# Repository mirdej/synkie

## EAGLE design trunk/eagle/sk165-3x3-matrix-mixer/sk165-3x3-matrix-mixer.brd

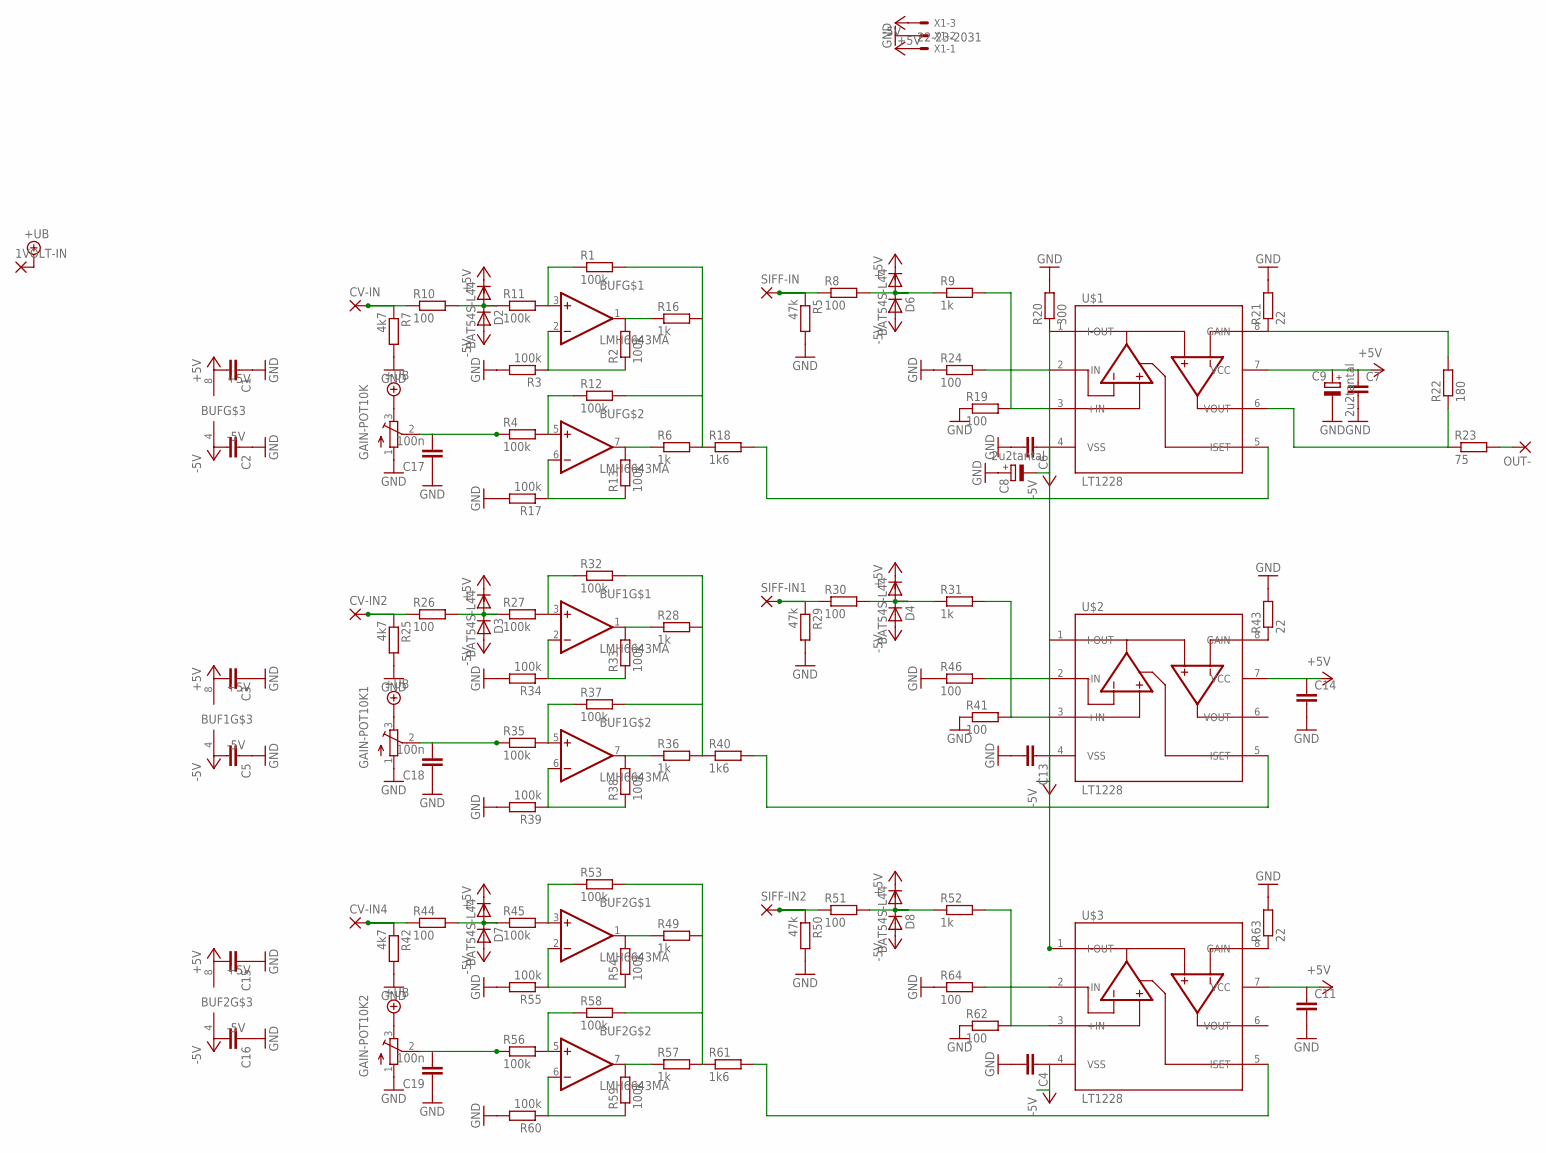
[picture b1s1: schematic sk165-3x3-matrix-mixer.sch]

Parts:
1VOLT-IN: 3,17/1,1
BUF, BUF1, BUF2: LMH6643MA; SO08
C1, C2, C3, C4, C5, C6, C7, C11, C13, C14, C15, C16: C-EUC1206; C1206
C8, C9: 2u2tantal; CT6032
C17, C18, C19: 100n; C1206
CV-IN, CV-IN2, CV-IN4: 3,17/1,1
D2, D3, D4, D6, D7, D8: BAT54S-L44; SOT23
GAIN-POT10K, GAIN-POT10K1, GAIN-POT10K2: 10k; ALPS_RK09K111
OUT-: 3,17/1,1
R1, R2, R3, R4, R11, R12, R13, R17, R27, R32, R33, R34, R35, R37, R38, R39, R45, R53, R54, R55, R56, R58, R59, R60: 100k; R1206
R5, R29, R50: 47k; R1206
R6, R9, R16, R28, R31, R36, R49, R52, R57: 1k; R1206
R7, R25, R42: 4k7; R1206
R8, R10, R19, R24, R26, R30, R41, R44, R46, R51, R62, R64: 100; R1206
R18, R40, R61: 1k6; R1206
R20: 300; R1206
R21, R43, R63: 22; R1206
R22: 180; R1206
R23: 75; R1206
SIFF-IN, SIFF-IN1, SIFF-IN2: 3,17/1,1
U$1, U$2, U$3: LT1228; SO08
X1: 22-23-2031

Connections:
+5V: BUF.8 (+5V), BUF1.8 (+5V), BUF2.8 (+5V), C1.2, C3.2, C7.1, C9.+, C11.1, C14.1, C15.2, D2.2 (C), D3.2 (C), D4.2 (C), D6.2 (C), D7.2 (C), D8.2 (C), U$1.7 (VCC), U$2.7 (VCC), U$3.7 (VCC), X1.3
+UB: 1VOLT-IN.1, GAIN-POT10K.3 (E), GAIN-POT10K1.3 (E), GAIN-POT10K2.3 (E)
-5V: BUF.4 (-5V), BUF1.4 (-5V), BUF2.4 (-5V), C2.2, C4.1, C5.2, C6.1, C8.-, C13.1, C16.2, D2.1 (A), D3.1 (A), D4.1 (A), D6.1 (A), D7.1 (A), D8.1 (A), U$1.4 (VSS), U$2.4 (VSS), U$3.4 (VSS), X1.1
GND: C1.1, C2.1, C3.1, C4.2, C5.1, C6.2, C7.2, C8.+, C9.-, C11.2, C13.2, C14.2, C15.1, C16.1, C17.1, C18.1, C19.1, GAIN-POT10K.1 (S), GAIN-POT10K1.1 (S), GAIN-POT10K2.1 (S), R3.2, R5.2, R7.2, R17.2, R19.1, R20.2, R21.2, R24.1, R25.2, R29.2, R34.2, R39.2, R41.1, R42.2, R43.2, R46.1, R50.2, R55.2, R60.2, R62.1, R63.2, R64.1, X1.2
unnamed: C17.2, GAIN-POT10K.2 (W), R4.1
unnamed: C18.2, GAIN-POT10K1.2 (W), R35.1
unnamed: CV-IN2.1, R25.1, R26.1
unnamed: BUF.2 (-IN), R2.1, R3.1
unnamed: R9.2, R19.2, U$1.3 (+IN)
unnamed: CV-IN4.1, R42.1, R44.1
unnamed: BUF.5 (+IN), R4.2, R12.1
unnamed: BUF.7 (OUT), R6.1, R13.2
unnamed: R21.1, R22.2, U$1.8 (GAIN)
unnamed: CV-IN.1, R7.1, R10.1
unnamed: D2.3 (AC), R10.2, R11.1
unnamed: BUF.6 (-IN), R13.1, R17.1
unnamed: D3.3 (AC), R26.2, R27.1
unnamed: BUF.3 (+IN), R1.1, R11.2
unnamed: R5.1, R8.1, SIFF-IN.1
unnamed: D6.3 (AC), R8.2, R9.1
unnamed: BUF.1 (OUT), R2.2, R16.1
unnamed: R18.2, U$1.5 (ISET)
unnamed: R1.2, R6.2, R12.2, R16.2, R18.1
unnamed: R22.1, R23.1, U$1.6 (VOUT)
unnamed: OUT-.1, R23.2
unnamed: R24.2, U$1.2 (-IN)
unnamed: BUF1.3 (+IN), R27.2, R32.1
unnamed: BUF1.1 (OUT), R28.1, R33.2
unnamed: R28.2, R32.2, R36.2, R37.2, R40.1
unnamed: R29.1, R30.1, SIFF-IN1.1
unnamed: D4.3 (AC), R30.2, R31.1
unnamed: R31.2, R41.2, U$2.3 (+IN)
unnamed: BUF1.2 (-IN), R33.1, R34.1
unnamed: BUF1.5 (+IN), R35.2, R37.1
unnamed: BUF1.7 (OUT), R36.1, R38.2
unnamed: BUF1.6 (-IN), R38.1, R39.1
unnamed: R40.2, U$2.5 (ISET)
unnamed: R20.1, U$1.1 (I-OUT), U$2.1 (I-OUT), U$3.1 (I-OUT)
unnamed: D7.3 (AC), R44.2, R45.1
unnamed: BUF2.3 (+IN), R45.2, R53.1
unnamed: BUF2.1 (OUT), R49.1, R54.2
unnamed: R46.2, U$2.2 (-IN)
unnamed: C19.2, GAIN-POT10K2.2 (W), R56.1
unnamed: R49.2, R53.2, R57.2, R58.2, R61.1
unnamed: R43.1, U$2.8 (GAIN)
unnamed: R50.1, R51.1, SIFF-IN2.1
unnamed: D8.3 (AC), R51.2, R52.1
unnamed: R52.2, R62.2, U$3.3 (+IN)
unnamed: BUF2.2 (-IN), R54.1, R55.1
unnamed: BUF2.5 (+IN), R56.2, R58.1
unnamed: BUF2.7 (OUT), R57.1, R59.2
unnamed: BUF2.6 (-IN), R59.1, R60.1
unnamed: R61.2, U$3.5 (ISET)
unnamed: R64.2, U$3.2 (-IN)
unnamed: R63.1, U$3.8 (GAIN)

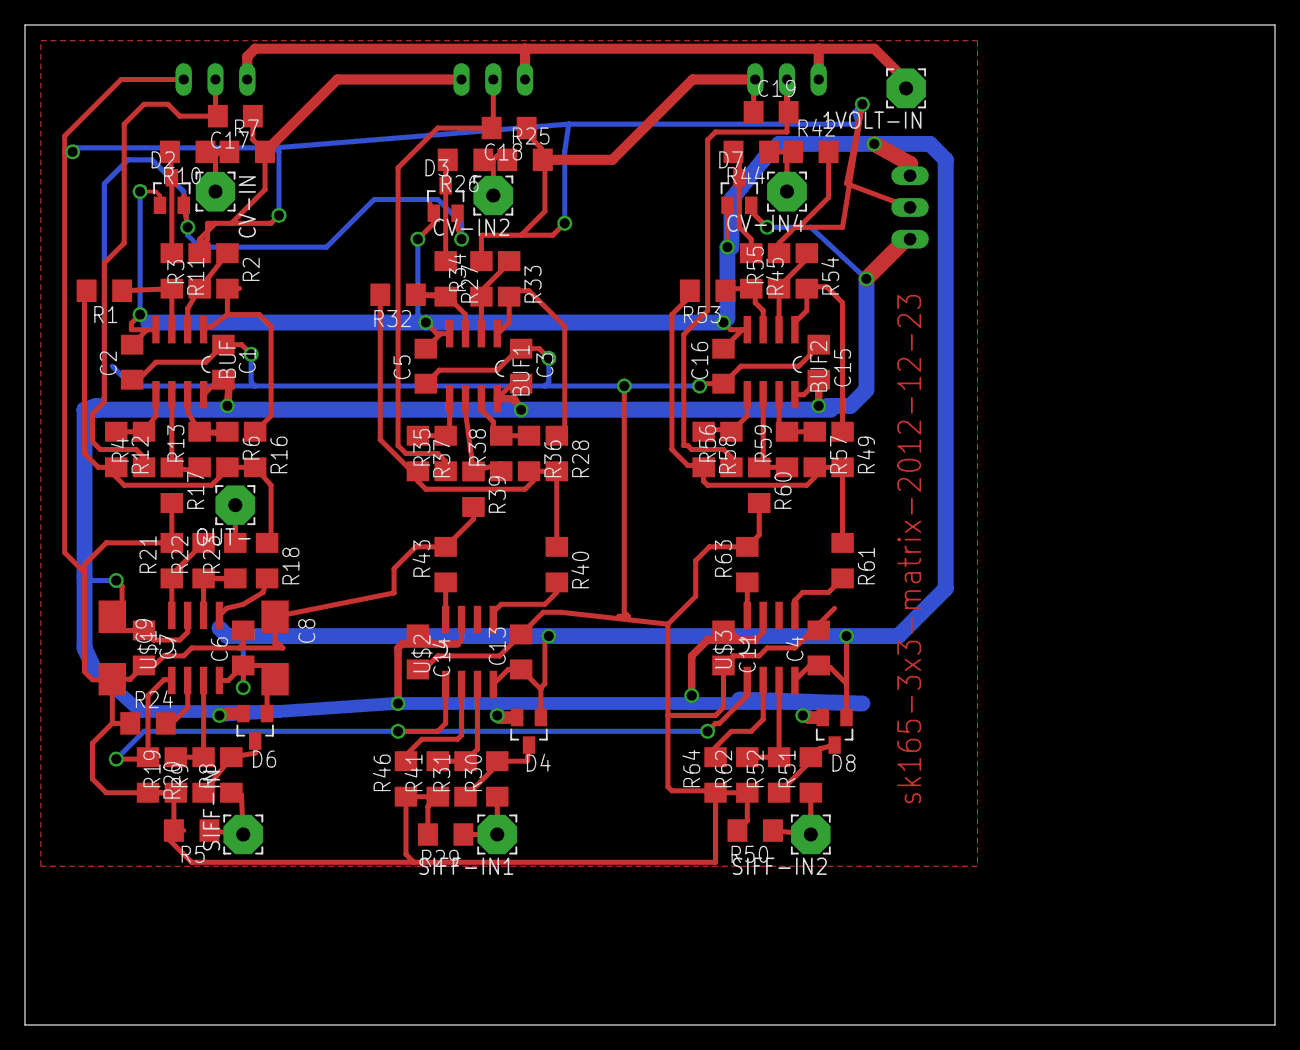
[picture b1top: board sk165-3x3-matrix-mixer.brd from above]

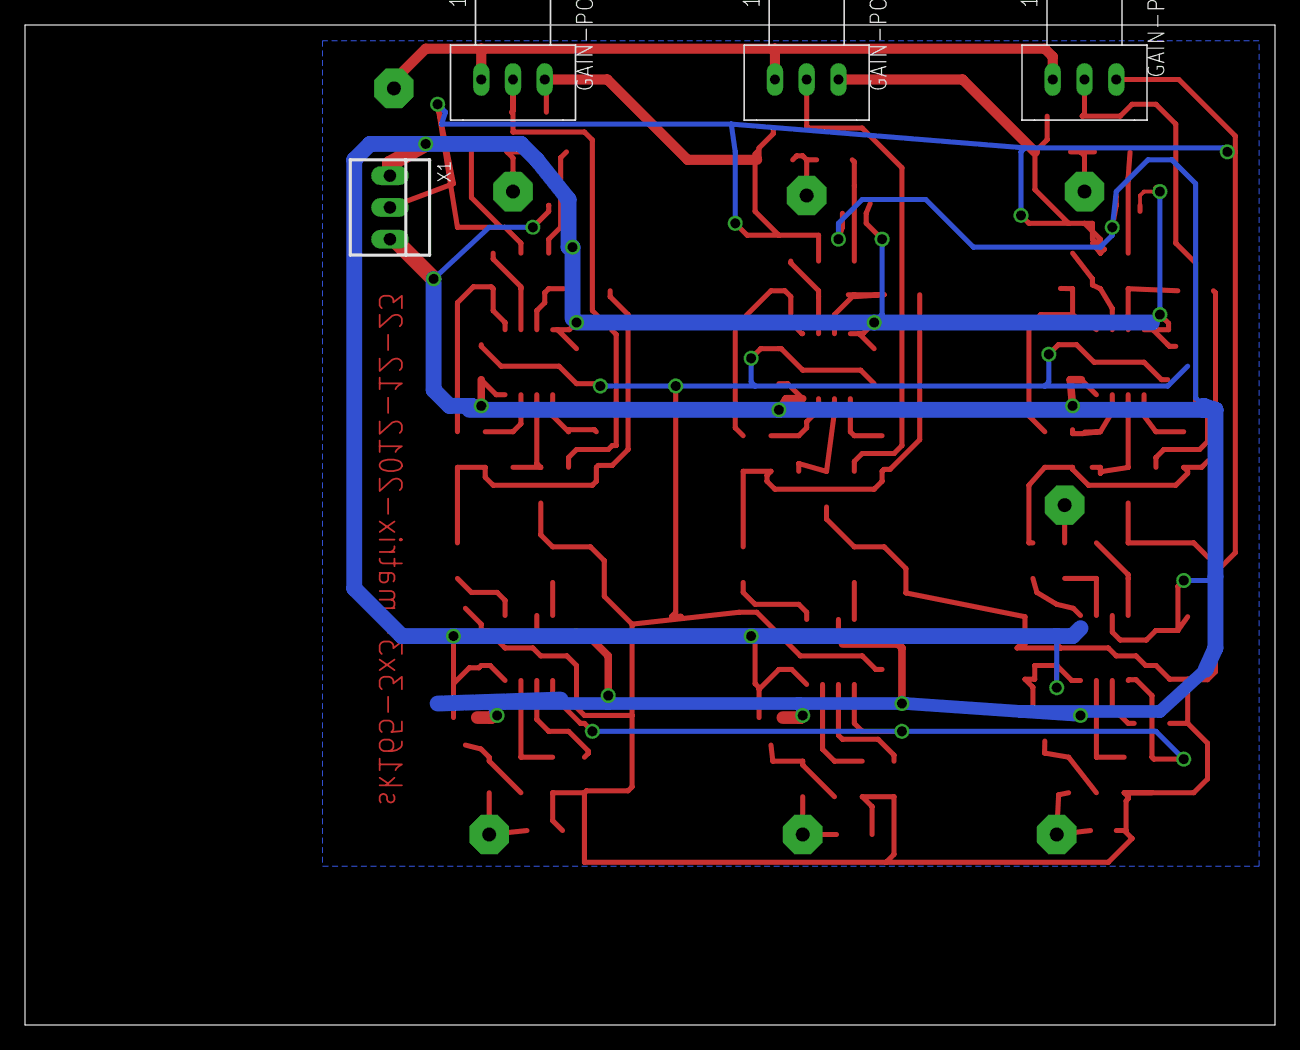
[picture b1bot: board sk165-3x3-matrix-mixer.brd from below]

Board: 2 copper layers, 100.0 x 80.0 mm, 101 parts (4 on the bottom side), 55 nets.

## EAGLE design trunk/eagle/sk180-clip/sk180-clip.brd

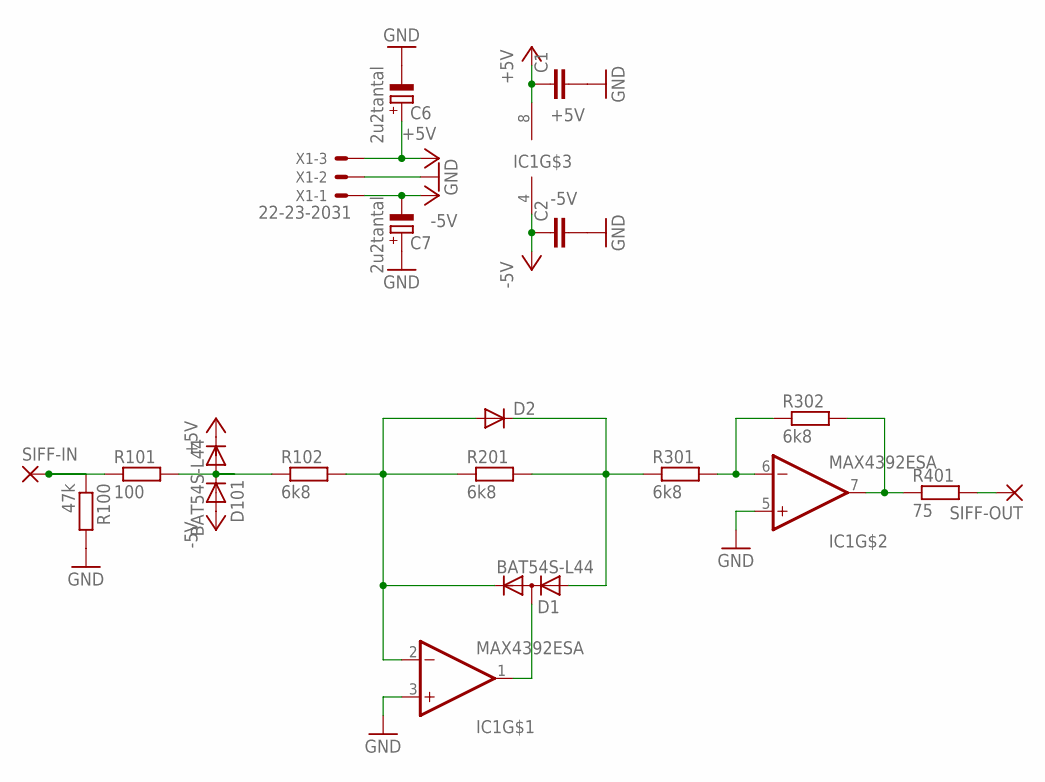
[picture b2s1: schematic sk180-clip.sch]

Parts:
C1, C2: C-EUC1206; C1206
C6, C7: 2u2tantal; CT3528
D1, D101: BAT54S-L44; SOT23
D2: DIODE-MINIMELF; MINIMELF
IC1: MAX4392ESA; SO08
R100: 47k; R1206
R101: 100; R1206
R102, R201, R301, R302: 6k8; R1206
R401: 75; R1206
SIFF-IN: 3,17/1,1
SIFF-OUT: 3,17/1,1
X1: 22-23-2031

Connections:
+5V: C1.1, C6.+, D101.2 (C), IC1.8 (+5V), X1.3
-5V: C2.1, C7.-, D101.1 (A), IC1.4 (-5V), X1.1
GND: C1.2, C2.2, C6.-, C7.+, IC1.3 (+IN), IC1.5 (+IN), R100.2, X1.2
unnamed: D1.2 (C), D2.A, IC1.2 (-IN), R102.2, R201.1
unnamed: D1.3 (AC), IC1.1 (OUT)
unnamed: D1.1 (A), D2.C, R201.2, R301.1
unnamed: IC1.6 (-IN), R301.2, R302.1
unnamed: IC1.7 (OUT), R302.2, R401.1
unnamed: R401.2, SIFF-OUT.1
unnamed: R100.1, R101.1, SIFF-IN.1
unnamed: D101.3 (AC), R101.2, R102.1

→ **Task instructions**: Write out every record exactly. Leave the pictures out.

→ **Expected answer**:
# Repository mirdej/synkie

## EAGLE design trunk/eagle/sk165-3x3-matrix-mixer/sk165-3x3-matrix-mixer.brd

[picture b1s1: schematic sk165-3x3-matrix-mixer.sch]

Parts:
1VOLT-IN: 3,17/1,1
BUF, BUF1, BUF2: LMH6643MA; SO08
C1, C2, C3, C4, C5, C6, C7, C11, C13, C14, C15, C16: C-EUC1206; C1206
C8, C9: 2u2tantal; CT6032
C17, C18, C19: 100n; C1206
CV-IN, CV-IN2, CV-IN4: 3,17/1,1
D2, D3, D4, D6, D7, D8: BAT54S-L44; SOT23
GAIN-POT10K, GAIN-POT10K1, GAIN-POT10K2: 10k; ALPS_RK09K111
OUT-: 3,17/1,1
R1, R2, R3, R4, R11, R12, R13, R17, R27, R32, R33, R34, R35, R37, R38, R39, R45, R53, R54, R55, R56, R58, R59, R60: 100k; R1206
R5, R29, R50: 47k; R1206
R6, R9, R16, R28, R31, R36, R49, R52, R57: 1k; R1206
R7, R25, R42: 4k7; R1206
R8, R10, R19, R24, R26, R30, R41, R44, R46, R51, R62, R64: 100; R1206
R18, R40, R61: 1k6; R1206
R20: 300; R1206
R21, R43, R63: 22; R1206
R22: 180; R1206
R23: 75; R1206
SIFF-IN, SIFF-IN1, SIFF-IN2: 3,17/1,1
U$1, U$2, U$3: LT1228; SO08
X1: 22-23-2031

Connections:
+5V: BUF.8 (+5V), BUF1.8 (+5V), BUF2.8 (+5V), C1.2, C3.2, C7.1, C9.+, C11.1, C14.1, C15.2, D2.2 (C), D3.2 (C), D4.2 (C), D6.2 (C), D7.2 (C), D8.2 (C), U$1.7 (VCC), U$2.7 (VCC), U$3.7 (VCC), X1.3
+UB: 1VOLT-IN.1, GAIN-POT10K.3 (E), GAIN-POT10K1.3 (E), GAIN-POT10K2.3 (E)
-5V: BUF.4 (-5V), BUF1.4 (-5V), BUF2.4 (-5V), C2.2, C4.1, C5.2, C6.1, C8.-, C13.1, C16.2, D2.1 (A), D3.1 (A), D4.1 (A), D6.1 (A), D7.1 (A), D8.1 (A), U$1.4 (VSS), U$2.4 (VSS), U$3.4 (VSS), X1.1
GND: C1.1, C2.1, C3.1, C4.2, C5.1, C6.2, C7.2, C8.+, C9.-, C11.2, C13.2, C14.2, C15.1, C16.1, C17.1, C18.1, C19.1, GAIN-POT10K.1 (S), GAIN-POT10K1.1 (S), GAIN-POT10K2.1 (S), R3.2, R5.2, R7.2, R17.2, R19.1, R20.2, R21.2, R24.1, R25.2, R29.2, R34.2, R39.2, R41.1, R42.2, R43.2, R46.1, R50.2, R55.2, R60.2, R62.1, R63.2, R64.1, X1.2
unnamed: C17.2, GAIN-POT10K.2 (W), R4.1
unnamed: C18.2, GAIN-POT10K1.2 (W), R35.1
unnamed: CV-IN2.1, R25.1, R26.1
unnamed: BUF.2 (-IN), R2.1, R3.1
unnamed: R9.2, R19.2, U$1.3 (+IN)
unnamed: CV-IN4.1, R42.1, R44.1
unnamed: BUF.5 (+IN), R4.2, R12.1
unnamed: BUF.7 (OUT), R6.1, R13.2
unnamed: R21.1, R22.2, U$1.8 (GAIN)
unnamed: CV-IN.1, R7.1, R10.1
unnamed: D2.3 (AC), R10.2, R11.1
unnamed: BUF.6 (-IN), R13.1, R17.1
unnamed: D3.3 (AC), R26.2, R27.1
unnamed: BUF.3 (+IN), R1.1, R11.2
unnamed: R5.1, R8.1, SIFF-IN.1
unnamed: D6.3 (AC), R8.2, R9.1
unnamed: BUF.1 (OUT), R2.2, R16.1
unnamed: R18.2, U$1.5 (ISET)
unnamed: R1.2, R6.2, R12.2, R16.2, R18.1
unnamed: R22.1, R23.1, U$1.6 (VOUT)
unnamed: OUT-.1, R23.2
unnamed: R24.2, U$1.2 (-IN)
unnamed: BUF1.3 (+IN), R27.2, R32.1
unnamed: BUF1.1 (OUT), R28.1, R33.2
unnamed: R28.2, R32.2, R36.2, R37.2, R40.1
unnamed: R29.1, R30.1, SIFF-IN1.1
unnamed: D4.3 (AC), R30.2, R31.1
unnamed: R31.2, R41.2, U$2.3 (+IN)
unnamed: BUF1.2 (-IN), R33.1, R34.1
unnamed: BUF1.5 (+IN), R35.2, R37.1
unnamed: BUF1.7 (OUT), R36.1, R38.2
unnamed: BUF1.6 (-IN), R38.1, R39.1
unnamed: R40.2, U$2.5 (ISET)
unnamed: R20.1, U$1.1 (I-OUT), U$2.1 (I-OUT), U$3.1 (I-OUT)
unnamed: D7.3 (AC), R44.2, R45.1
unnamed: BUF2.3 (+IN), R45.2, R53.1
unnamed: BUF2.1 (OUT), R49.1, R54.2
unnamed: R46.2, U$2.2 (-IN)
unnamed: C19.2, GAIN-POT10K2.2 (W), R56.1
unnamed: R49.2, R53.2, R57.2, R58.2, R61.1
unnamed: R43.1, U$2.8 (GAIN)
unnamed: R50.1, R51.1, SIFF-IN2.1
unnamed: D8.3 (AC), R51.2, R52.1
unnamed: R52.2, R62.2, U$3.3 (+IN)
unnamed: BUF2.2 (-IN), R54.1, R55.1
unnamed: BUF2.5 (+IN), R56.2, R58.1
unnamed: BUF2.7 (OUT), R57.1, R59.2
unnamed: BUF2.6 (-IN), R59.1, R60.1
unnamed: R61.2, U$3.5 (ISET)
unnamed: R64.2, U$3.2 (-IN)
unnamed: R63.1, U$3.8 (GAIN)

[picture b1top: board sk165-3x3-matrix-mixer.brd from above]

[picture b1bot: board sk165-3x3-matrix-mixer.brd from below]

Board: 2 copper layers, 100.0 x 80.0 mm, 101 parts (4 on the bottom side), 55 nets.

## EAGLE design trunk/eagle/sk180-clip/sk180-clip.brd

[picture b2s1: schematic sk180-clip.sch]

Parts:
C1, C2: C-EUC1206; C1206
C6, C7: 2u2tantal; CT3528
D1, D101: BAT54S-L44; SOT23
D2: DIODE-MINIMELF; MINIMELF
IC1: MAX4392ESA; SO08
R100: 47k; R1206
R101: 100; R1206
R102, R201, R301, R302: 6k8; R1206
R401: 75; R1206
SIFF-IN: 3,17/1,1
SIFF-OUT: 3,17/1,1
X1: 22-23-2031

Connections:
+5V: C1.1, C6.+, D101.2 (C), IC1.8 (+5V), X1.3
-5V: C2.1, C7.-, D101.1 (A), IC1.4 (-5V), X1.1
GND: C1.2, C2.2, C6.-, C7.+, IC1.3 (+IN), IC1.5 (+IN), R100.2, X1.2
unnamed: D1.2 (C), D2.A, IC1.2 (-IN), R102.2, R201.1
unnamed: D1.3 (AC), IC1.1 (OUT)
unnamed: D1.1 (A), D2.C, R201.2, R301.1
unnamed: IC1.6 (-IN), R301.2, R302.1
unnamed: IC1.7 (OUT), R302.2, R401.1
unnamed: R401.2, SIFF-OUT.1
unnamed: R100.1, R101.1, SIFF-IN.1
unnamed: D101.3 (AC), R101.2, R102.1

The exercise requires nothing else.